Und nochmal: die sollen ja nicht weg, oder es heißt, dass die blöd sind. Sie sollen nur nicht mehr der alleinige Standard sein.
Danke für die Toleranz.
Ich habe noch keine Frau getroffen, die nicht irgendwie selbst Standard sein wollte (zumindest gegenüber ihrem Mann).
Mal im Ernst, von was sprichst Du? Der Standard ist die Mehrheit. Sollen wir weg? Sollen wir uns freiwillig so verhalten und denken, wie andere es von uns erwarten? Warte 20 Jahre, dann löst sich das Problem von selbst. Ooops, dann bist Du ja Teil des Standards …

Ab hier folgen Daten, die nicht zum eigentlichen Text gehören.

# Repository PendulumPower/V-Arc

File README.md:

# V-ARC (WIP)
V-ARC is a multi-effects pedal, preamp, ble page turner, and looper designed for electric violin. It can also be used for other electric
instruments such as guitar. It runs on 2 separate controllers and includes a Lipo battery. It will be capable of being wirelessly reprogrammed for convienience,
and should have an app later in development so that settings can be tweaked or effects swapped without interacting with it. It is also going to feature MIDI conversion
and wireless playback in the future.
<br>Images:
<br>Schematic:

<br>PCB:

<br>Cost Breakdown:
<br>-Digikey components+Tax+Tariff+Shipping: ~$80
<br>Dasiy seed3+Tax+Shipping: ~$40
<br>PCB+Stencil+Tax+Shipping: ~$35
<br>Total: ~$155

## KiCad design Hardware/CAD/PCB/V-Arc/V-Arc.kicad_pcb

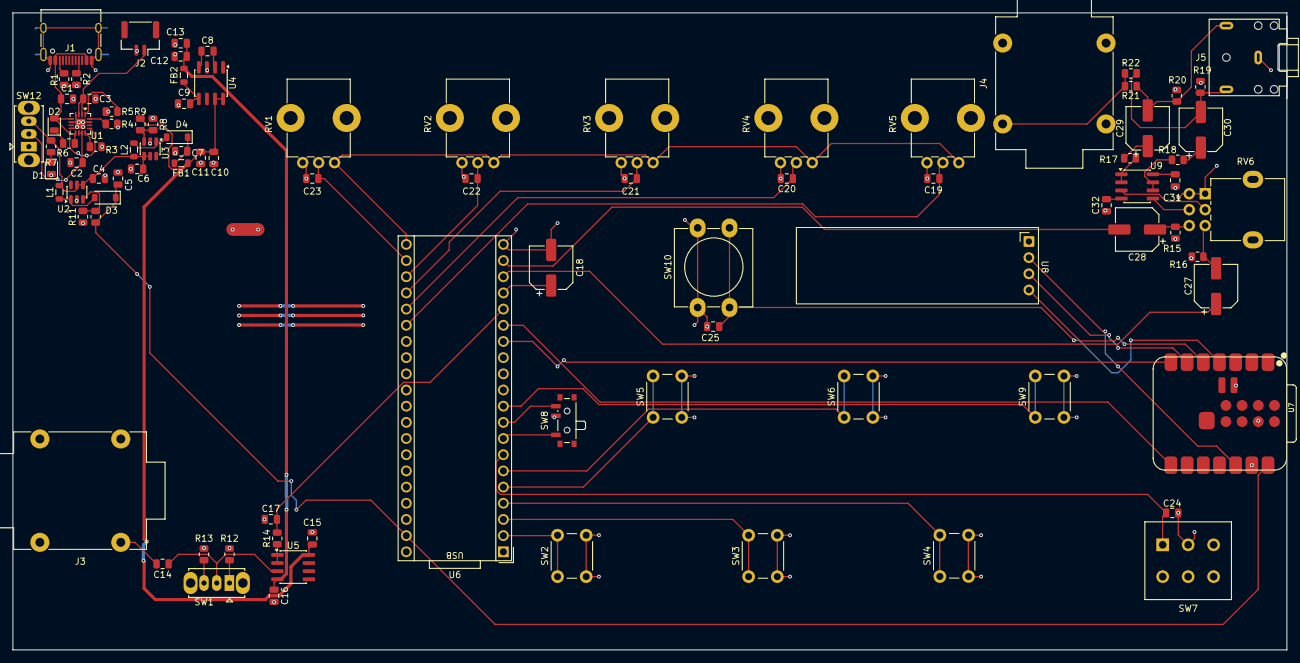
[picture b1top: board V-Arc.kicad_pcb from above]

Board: 2 copper layers, 200.0 x 100.0 mm, 93 parts (0 on the bottom side), 68 nets.

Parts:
C1: 1 µF; C_0805_2012Metric
C2, C3, C4, C6, C8, C9, C10, C12: 10 µF; C_0805_2012Metric
C5, C7: 22 µF; C_0805_2012Metric
C11, C13: .1 µF; C_0805_2012Metric
C14, C15, C16, C31, C32: 0.1 µF; C_0805_2012Metric
C17: 2.2 nF; C_0805_2012Metric
C18, C27, C28, C29, C30: 10 µF; CP_Elec_6.3x5.4
C19, C20, C21, C22, C23, C24: 100 nF; C_0805_2012Metric
C25: 10 nF; C_0805_2012Metric
D1, D2: LED_Small; LED_0805_2012Metric
D3, D4: D_Schottky; D_SOD-123
FB1, FB2: FerriteBead; L_0805_2012Metric
J1: USB_C_Receptacle_USB2.0_16P; USB_C_Receptacle_HRO_TYPE-C-31-M-12
J2: Conn_01x02; JST_GH_SM02B-GHS-TB_1x02-1MP_P1.25mm_Horizontal
J3: AudioJack2_SwitchT; Jack_6.35mm_Neutrik_NMJ4HCD2_Horizontal
J4: AudioJack2; Jack_6.35mm_Neutrik_NMJ4HCD2_Horizontal
J5: AudioJack3; Jack_3.5mm_CUI_SJ1-3523N_Horizontal
L1, L2: 4.7 µH; L_0805_2012Metric
NT1: NetTie_2; NetTie-2_SMD_Pad2.0mm
R1, R2: 5.1 kΩ; R_0805_2012Metric
R3: 1.5 kΩ; R_0805_2012Metric
R4: 1.8 kΩ; R_0805_2012Metric
R5, R8, R11, R21, R22: 10 kΩ; R_0805_2012Metric
R6, R7, R14: 1 kΩ; R_0805_2012Metric
R9: 140 kΩ; R_0805_2012Metric
R10: 75 kΩ; R_0805_2012Metric
R12: 1 MΩ; R_0805_2012Metric
R13: 10 MΩ; R_0805_2012Metric
R15, R16, R19, R20: 100 kΩ; R_0805_2012Metric
R17, R18: 100 Ω; R_0805_2012Metric
RV1, RV2, RV3, RV4, RV5: 10 kΩ; Potentiometer_Bourns_PTV09A-1_Single_Vertical
RV6: 10 kΩ; Potentiometer_Alpha_RD902F-40-00D_Dual_Vertical
SW1, SW12: SW_SPDT; SW_Slide_SPDT_Straight_CK_OS102011MS2Q
SW2, SW3, SW4, SW5, SW6, SW9: SW_SPDT; SW_PUSH_6mm
SW7: SW_Push; SW_PUSH_E-Switch_FS5700DP_DPDT
SW8: SW_SPDT_MSM; SW_SPDT_PCM12
SW10: SW_Push; SW_PUSH-12mm_Wuerth-430476085716
U1: BQ24072RGT; VQFN-16-1EP_3x3mm_P0.5mm_EP1.6x1.6mm
U2, U3: MT3608; SOT-23-6
U4: MAX1044; SOIC-8_3.9x4.9mm_P1.27mm
U5, U9: TL072; SOIC-8_3.9x4.9mm_P1.27mm
U6: Daisy_Seed; DAISY_SEED
U7: XIAO-ESP32-S3-SMD
U8: ER_OLEDM0.91_1x-I2C

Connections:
/Analog Front End/+9V: C10.1, C11.1, C15.1, FB1.1, R9.2, U4.7 (OSC), U4.8 (V+), U5.8 (V+)
/Analog Front End/-9V: C12.1, C13.1, C16.1, FB2.2, U5.4 (V-)
/Analog Front End/AUDIO_IN_ANALOG: C17.2, R14.2, U6.16 (AUDIO_IN_1)
/Daisy Seed Core/+3.3V: RV1.1, RV2.1, RV3.1, RV4.1, RV5.1, U6.21 (3V3_A)
/Daisy Seed Core/+5V: C5.2, D3.1 (K), R10.2, U6.39 (VIN), U7.14 (VBUS)
/Daisy Seed Core/AUDIO_OUT_ANALOG_L: C27.1, U6.18 (AUDIO_OUT_1)
/Daisy Seed Core/AUDIO_OUT_ANALOG_R: C28.2, U6.19 (AUDIO_OUT_2)
/Daisy Seed Core/DSP_UART_RX: U6.15 (D14), U7.8 (D7)
/Daisy Seed Core/DSP_UART_TX: U6.14 (D13), U7.7 (D6)
/Power Management/VBAT+: C3.2, J2.1, U1.2 (BAT), U1.3 (BAT)
/Power Management/VBUS: C1.1, D2.2 (A), J1.A4 (VBUS), J1.A9 (VBUS), J1.B4 (VBUS), J1.B9 (VBUS), U1.5 (EN2), U1.13 (IN)
/Power Management/VSYS: C4.1, C6.1, L1.1, L2.2, R7.2, SW12.3 (C), U2.4 (EN), U2.5 (IN), U3.4 (EN), U3.5 (IN)
/Xiao ESP Core/+9V: C31.1, U9.8 (V+)
/Xiao ESP Core/-9V: C32.1, U9.4 (V-)
/Xiao ESP Core/OUT_L_FINAL: C29.2, J5.T, R20.1, R21.2
/Xiao ESP Core/OUT_R_FINAL: C30.2, J5.R, R19.2, R22.2
/Xiao ESP Core/XiaoV: U7.12 (3V3_OUT), U8.2 (VCC)
GNDA: C15.2, C16.2, C17.1, C18.2, C19.1, C20.1, C21.1, C22.1, C23.1, C31.2, C32.2, J3.S, J3.TN, J4.S, J5.S, NT1.2, R12.2, R13.2, R15.2, R16.1, R19.1, R20.2, RV1.3, RV2.3, RV3.3, RV4.3, RV5.3, RV6.1, RV6.4, U6.20 (AGND)
GNDD: C1.2, C2.2, C3.1, C4.2, C5.1, C6.2, C7.1, C9.2, C10.2, C11.2, C12.2, C13.2, C24.1, C25.1, D1.1 (K), J1.A1 (GND), J1.A12 (GND), J1.B1 (GND), J1.B12 (GND), J1.SH (SHIELD), J2.2, NT1.1, R1.2, R2.2, R3.2, R4.1, R5.1, R8.1, R11.1, SW2.2 (B), SW3.2 (B), SW4.2 (B), SW5.2 (B), SW6.2 (B), SW7.2, SW8.2 (3), SW9.2 (B), SW10.1, U1.4 (~CE), U1.6 (EN1), U1.8 (VSS), U1.15 (TD), U1.17 (VSS), U2.2 (GND), U3.2 (GND), U4.3 (GND), U6.40 (DGND), U7.13 (GND), U7.18 (GND), U7.24 (GND), U8.1 (GND)
unnamed: C14.2, J3.T
unnamed: C27.2, R16.2, RV6.3
unnamed: C28.1, R15.1, RV6.6
unnamed: C29.1, R17.2
unnamed: C30.1, R18.2
unnamed: D1.2 (A), R7.1
unnamed: D2.1 (K), R6.1
unnamed: D3.2 (A), L1.2, U2.1 (SW)
unnamed: D4.2 (A), L2.1, U3.1 (SW)
unnamed: C7.2, D4.1 (K), FB1.2
unnamed: J1.A5 (CC1), R2.1
unnamed: J1.B5 (CC2), R1.1
unnamed: J4.T, R21.1, R22.1
unnamed: R12.1, SW1.1 (A)
unnamed: C14.1, SW1.2 (B), U5.3 (+)
unnamed: R13.1, SW1.3 (C)
unnamed: SW2.1 (A), U6.2 (D1)
unnamed: SW3.1 (A), U6.3 (D2)
unnamed: SW4.1 (A), U6.4 (D3)
unnamed: SW5.1 (A), U6.5 (D4)
unnamed: SW6.1 (A), U6.6 (D5)
unnamed: SW8.3 (4), U6.9 (D8)
unnamed: SW9.1 (A), U6.10 (D9)
unnamed: C2.1, SW12.2 (B), U1.10 (OUT), U1.11 (OUT)
unnamed: R3.1, U1.12 (ILIM)
unnamed: R4.2, U1.16 (ISET)
unnamed: R5.2, U1.1 (TS)
unnamed: R6.2, U1.9 (~CHG)
unnamed: R10.1, R11.2, U2.3 (FB)
unnamed: R8.2, R9.1, U3.3 (FB)
unnamed: C8.2, U4.2 (CAP+)
unnamed: C8.1, U4.4 (CAP-)
unnamed: C9.1, FB2.1, U4.5 (VOUT)
unnamed: R14.1, U5.1, U5.2 (-)
unnamed: C18.1, U6.17 (AUDIO_IN_2)
unnamed: C24.2, SW7.1, U6.7 (D6)
unnamed: SW8.1, U6.8 (D7)
unnamed: C23.2, RV1.2, U6.22 (D15)
unnamed: C22.2, RV2.2, U6.23 (D16)
unnamed: C21.2, RV3.2, U6.24 (D17)
unnamed: C20.2, RV4.2, U6.25 (D18)
unnamed: C19.2, RV5.2, U6.26 (D19)
unnamed: C25.2, SW10.2, U7.4 (D3)
unnamed: U7.5 (D4), U8.4 (SDA)
unnamed: U7.6 (D5), U8.3 (SCL)
unnamed: RV6.2, U9.3 (+)
unnamed: R17.1, U9.1, U9.2 (-)
unnamed: RV6.5, U9.5 (+)
unnamed: R18.1, U9.6 (-), U9.7

Kannst Du nicht einfach sagen, was Dich nervt, und dann diskutieren wir darüber? Muss immer dieser Kampfbegriff dazu?
Du kannst da ja gerne dagegen sein, …
Ich bin nur gegen Deine Etikettenkleberei.
…aber es wäre nett, mir nicht deswegen gleich AfD-Nähe zu attestieren!
Du hast nicht richtig gelesen. Ich habe Dir keine AfD-Nähe attestiert, sondern nur darauf hingewiesen, dass Du die gleichen Argumentationsschemata benutzt.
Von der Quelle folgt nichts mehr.